Whilst the case-study of the Shi’ite community points to the capacity of the rentier state to co-opt societal groups, I argue that it is mostly the minority status which explains the Shi’ites rallying behind the rulers since 2009. More often than not, Kuwaiti society has tried to challenge regime’s legitimacy. In recent years, the government’s vote-buying strategies towards the large voting bloc of tribal constituencies are no longer effective, as tribal candidates have come to be mandated by their constituencies to voice opposition to the government; which they tend to view as egregiously secular or tainted by corruption. Tribal leaders have succeeded to penetrate the state’s political institutions, and played a crucial role in the recent ousting of the PM. Also, the 2011 strikes of public sector workers point to the dysfunctional nature of the GCC rentier state in its capacity to buy social peace through rent redistribution.
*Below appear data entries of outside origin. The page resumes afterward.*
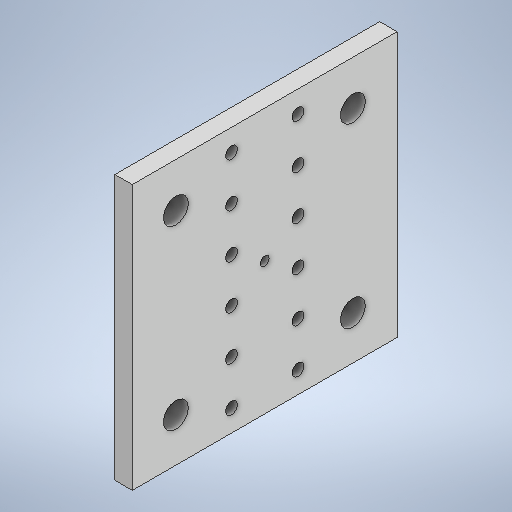
# Autodesk Inventor part: base_plate
Saved by Autodesk Inventor 2025 (Build 290162000, 162)
## iProperties
Created: 2025-12-10
Part Number: base_plate
Material: Generic
Document SubType Name: Modeling
Designer: GOLZARDM
Density: 1 g/cm^3
Appearance: Default
Author: GOLZARDM
Autodesk Inventor part; units mm, degrees
ref_plane "YZ Plane" through (0, 0, 0) normal (1, 0, 0) x (0, 1, 0)
ref_plane "XZ Plane" through (0, 0, 0) normal (0, 1, 0) x (-1, 0, 0)
ref_plane "XY Plane" through (0, 0, 0) normal (0, 0, 1) x (1, 0, 0)
sketch "Sketch5" plane through (0, 0, 0) normal (1, 0, 0) x (0, 1, 0)
  line L0 (76, -76) -> (-76, -76)
  line L1 (-76, -76) -> (-76, 76)
  line L2 (-76, 76) -> (76, 76)
  line L3 (76, 76) -> (76, -76)
  line L4 (76, -76) -> (-76, 76) construction
  line L5 (-76, -76) -> (76, 76) construction
  point P0 (0, 0)
  dimension "d31" = 152
  dimension "d32" = 152
  constraints: 12 end point, 2 midpoint, 2 parallel, 1 horizontal, 1 perpendicular
  measures "d31" distance of L2.end L0.start
  measures "d32" distance of L0.start L0.end
extrude "Extrusion2" add sketch "Sketch5" along normal blind 10
sketch "Sketch6" plane through (10, 0, 0) normal (1, 0, 0) x (0, 0, -1)
  line L0 (76, -76) -> (76, 76) projected
  line L1 (76, 76) -> (-76, 76) projected
  point P0 (0, 0)
  point P1 (50.6, 50.6)
  dimension "d42" = 25.4
  dimension "d43" = 25.4
  measures "d42" distance from line of L0 point (50.6, 50.6)
  measures "d43" distance from line of L1 point (50.6, 50.6)
hole "Hole4" at (10, 50.6, -50.6) direction (-1, 0, 0) diameter 14.3 end through all
sketch "Sketch7" plane through (10, 0, 0) normal (1, 0, 0) x (0, 0, -1)
  circle A0 centre (50.6, 50.6) radius 7.15 projected
  line L0 (76, 76) -> (-76, 76) projected
  point P0 (0, 0)
  point P1 (-51, 50.6)
  dimension "d51" = 101.6
  dimension "d52" = 25.4
  measures "d51" distance of A0.centre point (-51, 50.6)
  measures "d52" distance from line of L0 point (-51, 50.6)
hole "Hole5" at (10, 50.6, 51) direction (-1, 0, 0) diameter 14.3 end through all
sketch "Sketch8" plane through (10, 0, 0) normal (1, 0, 0) x (0, 0, -1)
  line L0 (76, -76) -> (76, 76) projected
  circle A0 centre (50.6, 50.6) radius 7.15 projected
  point P0 (0, 0)
  point P1 (50.6, -51)
  dimension "d60" = 25.4
  dimension "d61" = 101.6
  measures "d60" distance from line of L0 point (50.6, -51)
  measures "d61" distance of A0.centre point (50.6, -51)
hole "Hole6" at (10, -51, -50.6) direction (-1, 0, 0) diameter 14.3 end through all
sketch "Sketch9" plane through (10, 0, 0) normal (1, 0, 0) x (0, 0, -1)
  circle A0 centre (-51, 50.6) radius 7.15 projected
  circle A1 centre (50.6, -51) radius 7.15 projected
  point P0 (0, 0)
  point P1 (-51, -51)
  dimension "d69" = 101.6
  dimension "d70" = 101.6
  measures "d69" distance of A0.centre point (-51, -51)
  measures "d70" distance of point (-51, -51) A1.centre
hole "Hole7" at (10, -51, 51) direction (-1, 0, 0) diameter 14.3 end through all
sketch "Sketch10" plane through (10, 0, 0) normal (1, 0, 0) x (0, 0, -1)
  line L0 (76, 76) -> (-76, 76) projected
  line L1 (76, -76) -> (76, 76) projected
  point P0 (0, 0)
  point P1 (19.05, 63.5)
  dimension "d93" = 12.5
  dimension "d103" = 56.95
  measures "d93" distance from line of L0 point (19.05, 63.5)
  measures "d103" distance from line of L1 point (19.05, 63.5)
hole "Hole8" at (10, 63.5, -19.05) direction (-1, 0, 0) diameter 6.8 end through all
sketch "Sketch11" plane through (10, 0, 0) normal (1, 0, 0) x (0, 0, -1)
  circle A0 centre (19.05, 63.5) radius 3.4 projected
  point P0 (0, 0)
  point P1 (-19.05, 63.5)
  dimension "d85" = 38.1
  dimension "d86" = 0
  measures "d85" distance of A0.centre point (-19.05, 63.5)
  measures "d86" vertical distance of point (-19.05, 63.5) A0.centre
hole "Hole9" at (10, 63.5, 19.05) direction (-1, 0, 0) diameter 6.8 end through all
pattern_linear "Rectangular Pattern1" count 6 spacing 25.4 along (0, -1, 0) of "Hole8"
pattern_linear "Rectangular Pattern2" count 6 spacing 25.4 along (0, -1, 0) of "Hole9"
sketch "Sketch12" plane through (10, 0, 0) normal (1, 0, 0) x (0, 0, -1)
  line L0 (76, -76) -> (76, 76) projected
  line L1 (-76, -76) -> (76, -76) projected
  point P0 (0, 0)
  point P1 (0, 0)
  dimension "d101" = 76
  dimension "d102" = 76
  measures "d101" distance from line of L0 point (0, 0)
  measures "d102" distance from line of L1 point (0, 0)
hole "Hole10" at (10, 0, 0) direction (-1, 0, 0) diameter 5.2 end through all
body "Solid2"

The paper concludes that the rise of these new political forces is a manifestation of a deeper phenomenon to be observed in the wider region, republics and monarchies alike: the political emancipation of the (salaried) middle classes, increasingly disintegrated from semi-corporatist forms of inclusion. Even in the rich rentier state of Kuwait, the middle class - notably tribal constituencies, representing more than half of the electorate -has become increasingly dissatisfied with corruption scandals and the liberal policies. As the old status-quo that kept the Bedu under Hadhar control gradually fades into memory, the Al-Sabah regime might find it increasingly difficult to sustain its traditional politics of maintaining the pre-oil communal order, placing the asli merchant families on top of social hierarchy. This puts into question the dominant notion of state legitimacy and citizenship, based upon exclusive social rights, in the absence of mere political rights. Coming elections are hence likely to significantly alter alliances and might turn the balance in favor of Sunni Islamists at the detriment of the Shi’ite pro-government deputies and the liberals.